Young woman with shoulder-length brown hair, wearing a yellow long-sleeve top and black pants, sitting cross-legged on a yellow and gray tiled floor against a plain white wall, smiling at the camera.

Anna Schaumberger

Anna Schaumberger, born in 1999 in Munich, has been deeply engaged with figurative representation since childhood—particularly within the inspiring setting of her grandfather’s greenhouse.

After completing her training in communication design at the Designschule München, she began studying at the Academy of Fine Arts in 2022, in the class of Professor Hildebrandt.

Early in her studies, Schaumberger focused on skin and materiality, sparking a fascination with biological and organic processes. She is drawn to the aesthetics of the grotesque and repulsive, influenced by horror films from directors such as Ari Aster and Robert Eggers, as well as by the work of Dutch artist Lizan Freijsen, whose carpets and room-sized installations are based on microscopic imagery of mold and bacteria. She is particularly captivated by black mold—a substance that embodies both beauty and severity, despite its negative associations.

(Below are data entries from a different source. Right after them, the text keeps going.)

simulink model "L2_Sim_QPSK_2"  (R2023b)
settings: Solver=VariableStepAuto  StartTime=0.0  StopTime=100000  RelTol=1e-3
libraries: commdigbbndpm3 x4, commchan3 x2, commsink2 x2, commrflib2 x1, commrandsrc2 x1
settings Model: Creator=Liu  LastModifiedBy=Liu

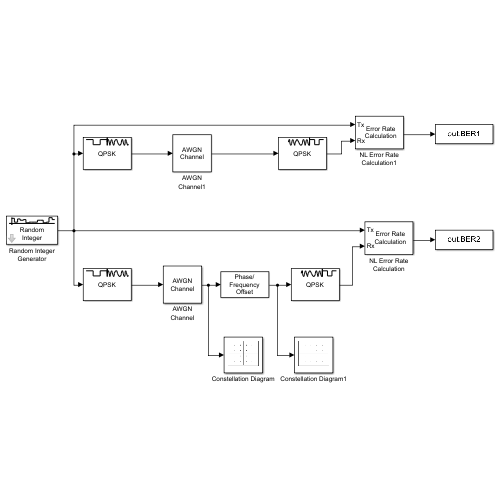
[thumbnail: Simulink's stored preview of the top-level diagram]
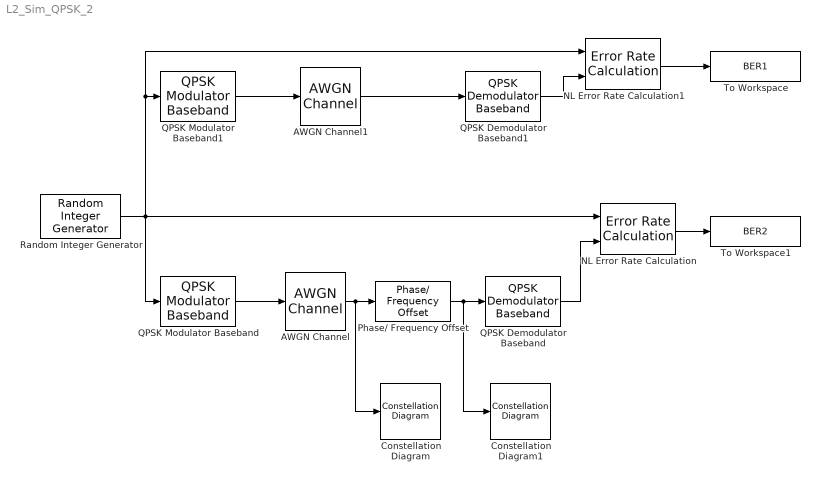
== system L2_Sim_QPSK_2 ==
  AWGN Channel : commchan3/AWGN Channel  LegacyMode=on  NoiseMethod="Signal to noise ratio  (SNR)"  noiseMode="Signal to noise ratio  (Eb/No)"  EbNo=10  EsNo=10  SNR=10  BitsPerSymbol=1  SignalPower=1  SamplesPerSymbol=1  SymbolPeriod=1  VarianceSource=Parameter  Variance=1  RandomStream=Global stream  Seed=67  SimulateUsing=Code generation
  AWGN Channel1 : commchan3/AWGN Channel  LegacyMode=on  NoiseMethod="Signal to noise ratio  (SNR)"  noiseMode="Signal to noise ratio  (Eb/No)"  EbNo=10  EsNo=10  SNR=10  BitsPerSymbol=1  SignalPower=1  SamplesPerSymbol=1  SymbolPeriod=1  VarianceSource=Parameter  Variance=1  RandomStream=Global stream  Seed=67  SimulateUsing=Code generation
  Constellation Diagram : ConstellationDiagram  WindowPosition=[382.000000,84.000000,600.000000,600.000000,]  ScopeFrameLocation=window  SymbolsToDisplaySource=Property  SymbolsToDisplay=10000  XLimits=[-1.46,1.46]  YLimits=[-1.38,1.38]
  Constellation Diagram1 : ConstellationDiagram  WindowPosition=[1.000000,49.000000,1707.000000,889.000000,]  ScopeFrameLocation=window  SymbolsToDisplaySource=Property  SymbolsToDisplay=10000  XLimits=[-1.46,1.46]  YLimits=[-1.38,1.38]
  NL Error Rate Calculation : commsink2/Error Rate Calculation  N=0  st_delay=0  cp_mode=Entire frame  subframe=[]  PMode=Port  WsName=ErrorVec  RsMode2=off  stop=off  numErr=100  maxBits=1e6
  NL Error Rate Calculation1 : commsink2/Error Rate Calculation  N=0  st_delay=0  cp_mode=Entire frame  subframe=[]  PMode=Port  WsName=ErrorVec  RsMode2=off  stop=off  numErr=100  maxBits=1e6
  Phase/ Frequency Offset : commrflib2/Phase// Frequency Offset  phaseOffset=25  freqPort=off  freqOffset=0
  QPSK Demodulator Baseband : commdigbbndpm3/QPSK Demodulator Baseband  OutType=Integer  DecType=Hard decision  VarSource=Dialog  Variance=1  Dec=Gray  Ph=pi/4  outDtype1=Inherit via internal rule  outDtype2=Inherit via internal rule  derotateFactorWordLen=16  derotateFactorDataTypeStr=Inherit: Same word length as input  derotateFactorLastDataTypeStr=Inherit: Same word length as input
  QPSK Demodulator Baseband1 : commdigbbndpm3/QPSK Demodulator Baseband  OutType=Integer  DecType=Hard decision  VarSource=Dialog  Variance=1  Dec=Gray  Ph=pi/4  outDtype1=Inherit via internal rule  outDtype2=Inherit via internal rule  derotateFactorWordLen=16  derotateFactorDataTypeStr=Inherit: Same word length as input  derotateFactorLastDataTypeStr=Inherit: Same word length as input
  QPSK Modulator Baseband : commdigbbndpm3/QPSK Modulator Baseband  InType=Integer  Enc=Gray  Ph=pi/4  outDtype=double  outWordLen=16  outUDDataType=sfix(16)  outFracLenMode=Best precision  outFracLen=15  outDataTypeStr=double  outLastDataTypeStr=double
  QPSK Modulator Baseband1 : commdigbbndpm3/QPSK Modulator Baseband  InType=Integer  Enc=Gray  Ph=pi/4  outDtype=double  outWordLen=16  outUDDataType=sfix(16)  outFracLenMode=Best precision  outFracLen=15  outDataTypeStr=double  outLastDataTypeStr=double
  Random Integer Generator : commrandsrc2/Random Integer Generator  mul=4  seed=37  Ts=1  frameBased=off  sampPerFrame=1000  orient=off  outDataType=double
  To Workspace : ToWorkspace  VariableName=BER1  SaveFormat=Timeseries  SampleTime=-1
  To Workspace1 : ToWorkspace  VariableName=BER2  SaveFormat=Timeseries  SampleTime=-1
  wires:
  AWGN Channel/1 -> Constellation Diagram/1, Phase/ Frequency Offset/1
  QPSK Demodulator Baseband/1 -> NL Error Rate Calculation/2
  Random Integer Generator/1 -> NL Error Rate Calculation1/1, QPSK Modulator Baseband1/1, NL Error Rate Calculation/1, QPSK Modulator Baseband/1
  QPSK Modulator Baseband/1 -> AWGN Channel/1
  QPSK Modulator Baseband1/1 -> AWGN Channel1/1
  AWGN Channel1/1 -> QPSK Demodulator Baseband1/1
  QPSK Demodulator Baseband1/1 -> NL Error Rate Calculation1/2
  Phase/ Frequency Offset/1 -> Constellation Diagram1/1, QPSK Demodulator Baseband/1
  NL Error Rate Calculation1/1 -> To Workspace/1
  NL Error Rate Calculation/1 -> To Workspace1/1

Schaumberger’s work explores the intersection of aesthetics and disgust. Her dog paintings reflect on themes such as parasitism, control, and the loss of control—grappling with the darker aspects of human nature and interpersonal relationships. The anthropomorphic qualities of the dogs are entangled with the violence of domination. Over time, her imagery has evolved to include more playful interpretations, touching on ideas of friendship and warmth.

Parasitism also appears in her more abstract works, where forms twist and slither across the canvas. Her creative process typically begins with research into biological phenomena, collecting mood boards, and occasionally sketching favored shapes and motifs. She then works directly onto the surface—without preparatory drawings—allowing the painting to unfold intuitively during the process.

Her materials include oil, acrylic, ink, wax, texture paste, and tempera on cotton or wood supports, often combining multiple media within a single piece.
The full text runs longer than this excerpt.